New Features in Impala 1.3.0 / CDH 5.0.0

  • The admission control feature lets you control and prioritize the volume and resource consumption of concurrent queries. This mechanism reduces spikes in resource usage, helping Impala to run alongside other kinds of workloads on a busy cluster. It also provides more user-friendly conflict resolution when multiple memory-intensive queries are submitted concurrently, avoiding resource contention that formerly resulted in out-of-memory errors. See Admission Control and Query Queuing for details.

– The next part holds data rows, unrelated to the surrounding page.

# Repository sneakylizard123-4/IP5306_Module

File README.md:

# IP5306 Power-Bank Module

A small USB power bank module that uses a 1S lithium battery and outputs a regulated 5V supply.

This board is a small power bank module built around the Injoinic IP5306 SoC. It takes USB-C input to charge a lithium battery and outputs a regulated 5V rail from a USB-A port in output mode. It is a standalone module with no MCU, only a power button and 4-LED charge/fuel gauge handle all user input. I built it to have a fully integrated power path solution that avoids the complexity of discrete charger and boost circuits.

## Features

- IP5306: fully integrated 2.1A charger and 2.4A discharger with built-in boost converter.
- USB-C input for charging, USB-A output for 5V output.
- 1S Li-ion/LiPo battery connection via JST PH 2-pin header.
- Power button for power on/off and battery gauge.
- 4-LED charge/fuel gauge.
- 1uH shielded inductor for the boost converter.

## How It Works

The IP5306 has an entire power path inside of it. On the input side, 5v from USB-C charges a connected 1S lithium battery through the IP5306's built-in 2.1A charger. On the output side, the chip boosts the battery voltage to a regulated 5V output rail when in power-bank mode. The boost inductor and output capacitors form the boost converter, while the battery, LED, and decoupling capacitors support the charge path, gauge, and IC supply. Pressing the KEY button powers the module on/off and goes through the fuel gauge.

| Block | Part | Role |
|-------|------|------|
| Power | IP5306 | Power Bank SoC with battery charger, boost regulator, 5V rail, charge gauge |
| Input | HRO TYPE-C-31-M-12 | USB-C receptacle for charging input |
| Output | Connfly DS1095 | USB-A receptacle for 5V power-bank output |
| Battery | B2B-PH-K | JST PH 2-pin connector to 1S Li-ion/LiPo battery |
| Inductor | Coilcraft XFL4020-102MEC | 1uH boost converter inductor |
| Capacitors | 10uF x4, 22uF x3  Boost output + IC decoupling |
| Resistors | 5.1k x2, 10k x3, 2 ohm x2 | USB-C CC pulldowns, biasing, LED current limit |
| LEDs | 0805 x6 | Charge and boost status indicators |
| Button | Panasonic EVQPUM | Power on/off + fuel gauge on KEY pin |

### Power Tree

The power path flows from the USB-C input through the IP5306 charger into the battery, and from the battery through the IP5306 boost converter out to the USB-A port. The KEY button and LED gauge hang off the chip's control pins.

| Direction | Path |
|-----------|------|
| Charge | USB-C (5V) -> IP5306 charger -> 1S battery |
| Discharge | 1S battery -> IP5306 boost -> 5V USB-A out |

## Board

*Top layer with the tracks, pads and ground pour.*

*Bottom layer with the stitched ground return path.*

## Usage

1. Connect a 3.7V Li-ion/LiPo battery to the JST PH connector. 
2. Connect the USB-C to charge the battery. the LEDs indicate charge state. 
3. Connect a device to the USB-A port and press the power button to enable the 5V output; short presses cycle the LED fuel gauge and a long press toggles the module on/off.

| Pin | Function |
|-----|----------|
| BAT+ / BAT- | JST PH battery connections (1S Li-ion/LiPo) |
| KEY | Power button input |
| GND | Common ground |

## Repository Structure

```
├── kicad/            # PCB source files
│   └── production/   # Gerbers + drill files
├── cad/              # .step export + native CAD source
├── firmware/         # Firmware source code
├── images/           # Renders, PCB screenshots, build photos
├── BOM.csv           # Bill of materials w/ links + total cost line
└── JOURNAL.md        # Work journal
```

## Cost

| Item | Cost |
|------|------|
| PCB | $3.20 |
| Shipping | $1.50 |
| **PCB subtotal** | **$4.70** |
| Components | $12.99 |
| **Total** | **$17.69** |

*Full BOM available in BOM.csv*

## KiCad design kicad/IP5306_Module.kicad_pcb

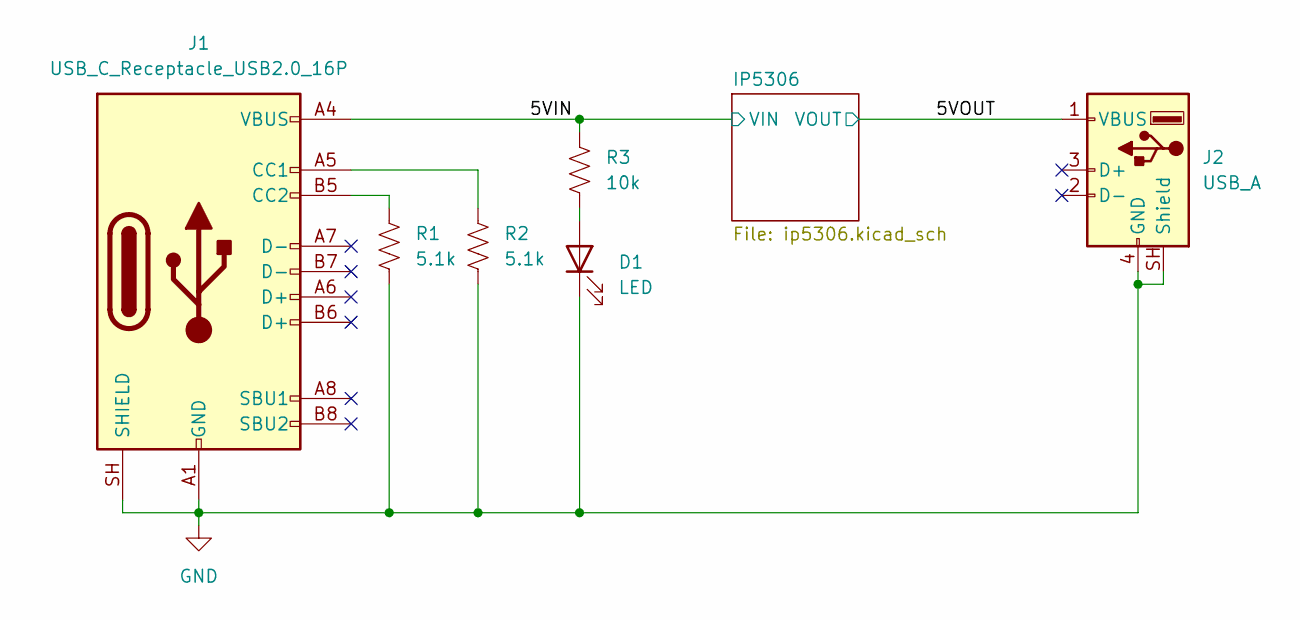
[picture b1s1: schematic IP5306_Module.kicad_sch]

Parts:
D1: LED; LED_0805_2012Metric
J1: USB_C_Receptacle_USB2.0_16P; USB_C_Receptacle_HRO_TYPE-C-31-M-12
J2: USB_A; USB_A_Connfly_DS1095
R1, R2: 5.1k; R_0805_2012Metric
R3: 10k; R_0805_2012Metric

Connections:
/5VIN: J1.A4 (VBUS), J1.A9 (VBUS), J1.B4 (VBUS), J1.B9 (VBUS), R3.1; also elsewhere on the board
/5VOUT: J2.1 (VBUS); also elsewhere on the board
GND: D1.1 (K), J1.A1 (GND), J1.A12 (GND), J1.B1 (GND), J1.B12 (GND), J1.SH (SHIELD), J2.4 (GND), J2.SH (Shield), R1.2, R2.2; also elsewhere on the board
unnamed: D1.2 (A), R3.2
unnamed: J1.A5 (CC1), R2.1
unnamed: J1.B5 (CC2), R1.1

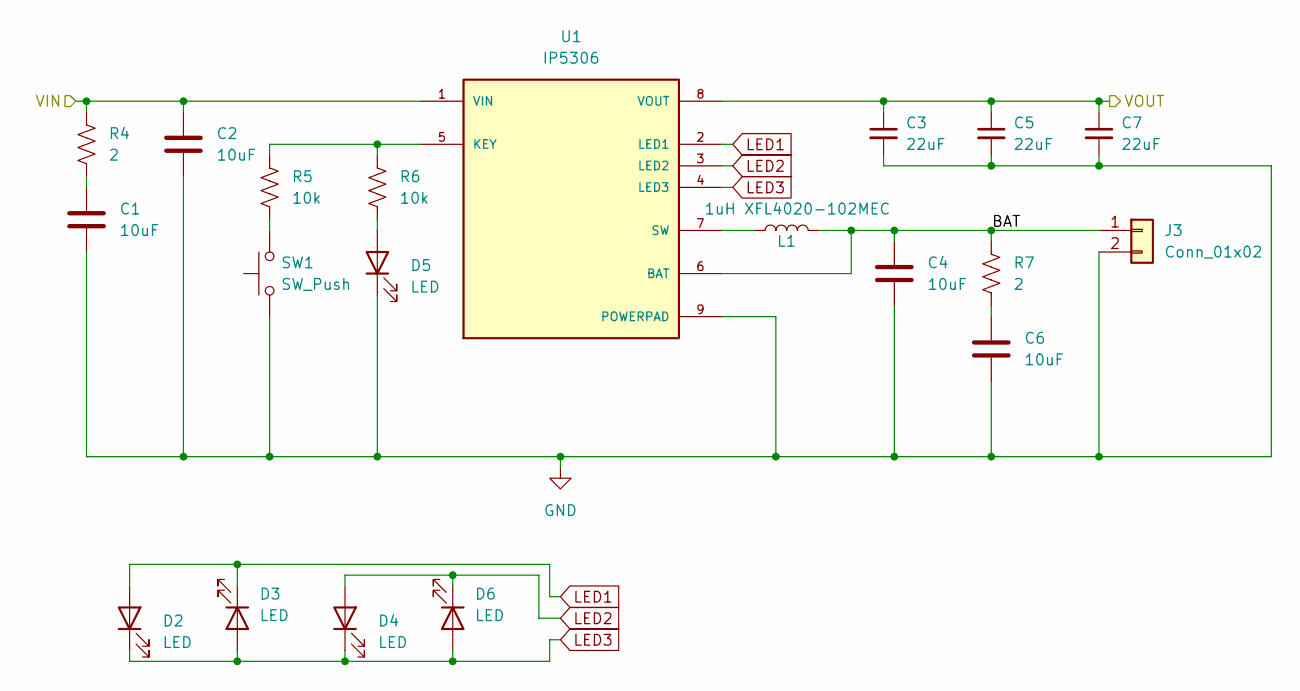
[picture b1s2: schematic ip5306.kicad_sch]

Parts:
C1, C2, C4, C6: 10uF; C_0805_2012Metric
C3, C5, C7: 22uF; C_0805_2012Metric
D2, D3, D4, D5, D6: LED; LED_0805_2012Metric
J3: Conn_01x02; JST_PH_B2B-PH-K_1x02_P2.00mm_Vertical
L1: 1uH XFL4020-102MEC; L_Coilcraft_XxL4020
R4, R7: 2; R_0805_2012Metric
R5, R6: 10k; R_0805_2012Metric
SW1: SW_Push; Panasonic_EVQPUM_EVQPUD
U1: IP5306; SOP127P600X165-9N; PARTREV 1.31

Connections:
/5VIN: C2.1, R4.1, U1.1 (VIN); also elsewhere on the board
/5VOUT: C3.1, C5.1, C7.1, U1.8 (VOUT); also elsewhere on the board
/IP5306/BAT: C4.1, J3.1, L1.2, R7.1, U1.6 (BAT)
GND: C1.2, C2.2, C3.2, C4.2, C5.2, C6.2, C7.2, D5.1 (K), J3.2, SW1.1, U1.9 (POWERPAD); also elsewhere on the board
LED1: D2.2 (A), D3.1 (K), U1.2 (LED1)
LED2: D4.2 (A), D6.1 (K), U1.3 (LED2)
LED3: D2.1 (K), D3.2 (A), D4.1 (K), D6.2 (A), U1.4 (LED3)
unnamed: C1.1, R4.2
unnamed: C6.1, R7.2
unnamed: D5.2 (A), R6.2
unnamed: R5.2, SW1.2
unnamed: R5.1, R6.1, U1.5 (KEY)
unnamed: L1.1, U1.7 (SW)

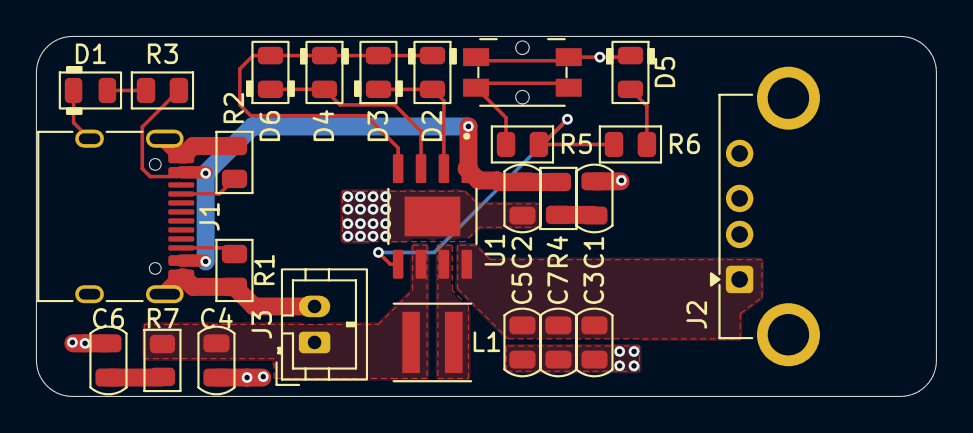
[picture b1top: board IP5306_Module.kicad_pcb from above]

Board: 2 copper layers, 50.0 x 20.0 mm, 26 parts (0 on the bottom side), 16 nets.

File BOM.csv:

Ref,Value,LCSC#,MPN,Manufacturer,Footprint,Qty,Unit Price($),Ext Price($),Supplier Link
C1,C2,C4,C6,10uF 25V X5R,C15850,CL21A106KAYNNNE,Samsung Electro-Mechanics,0805,20,0.0871,1.74,https://www.lcsc.com/product-detail/C15850.html
C3,C5,C7,22uF 25V X5R,C86816,GRM21BR61E226ME44L,muRata,0805,10,0.0698,0.70,https://www.lcsc.com/product-detail/C86816.html
D1,D2,D3,D4,D5,D6,Orange LED 0805,C965813,XL-2012UOC,XINGLIGHT,0805,50,0.0096,0.48,https://www.lcsc.com/product-detail/C965813.html
J1,USB-C Receptacle 16P,C165948,TYPE-C-31-M-12,Korean Hroparts Elec,SMD,5,0.1724,0.86,https://www.lcsc.com/product-detail/C165948.html
J2,USB-A Right Angle,C19944603,DS1095-WNR0,CONNFLY Elec,Through Hole,5,0.2076,1.04,https://www.lcsc.com/product-detail/C19944603.html
J3,JST PH 2P 2mm,C131337,B2B-PH-K-S(LF)(SN),JST,Through Hole,20,0.0356,0.71,https://www.lcsc.com/product-detail/C131337.html
L1,1uH Shielded Inductor,C5355380,XFL4020-102MEC,Coilcraft,SMD 4x4mm,1,2.5134,2.51,https://www.lcsc.com/product-detail/C5355380.html
R1,R2,5.1k 1% 0805,C27834,0805W8F5101T5E,UNI-ROYAL,0805,100,0.0065,0.65,https://www.lcsc.com/product-detail/C27834.html
R3,R5,R6,10k 1% 0805,C2907219,FRC0805F1002TS,FOJAN,0805,100,0.0035,0.35,https://www.lcsc.com/product-detail/C2907219.html
R4,R7,2R 1% 0805,C114246,RC0805FR-072RL,YAGEO,0805,50,0.0261,1.31,https://www.lcsc.com/product-detail/C114246.html
SW1,Tactile Switch 4.7x4.5mm,C388885,EVQPUD02K,PANASONIC,SMD,5,0.2299,1.15,https://www.lcsc.com/product-detail/C388885.html
U1,IP5306 ESOP-8,C181692,IP5306,INJOINIC,ESOP-8,5,0.2989,1.49,https://www.lcsc.com/product-detail/C181692.html
PCB,Bare PCB 5 pcs (JLCPCB special offer),,,JLCPCB,,5,0.64,3.20,
Shipping,,Global Standard (JLCPCB),,,,1,1.50,1.50,
Total,,,Components (LCSC) + PCB + shipping,,,,17.69,

  • Enhanced EXPLAIN plans provide more detail in an easier-to-read format. Now there are four levels of verbosity: the EXPLAIN_LEVEL option can be set from 0 (most concise) to 3 (most verbose). See EXPLAIN Statement for syntax and Understanding Impala Query Performance - EXPLAIN Plans and Query Profiles for usage information.

  • The TIMESTAMP data type accepts more kinds of input string formats through the UNIX_TIMESTAMP function, and produces more varieties of string formats through the FROM_UNIXTIME function. The documentation now also lists more functions for date arithmetic, used for adding and subtracting INTERVAL expressions from TIMESTAMP values. See Impala Date and Time Functions for details.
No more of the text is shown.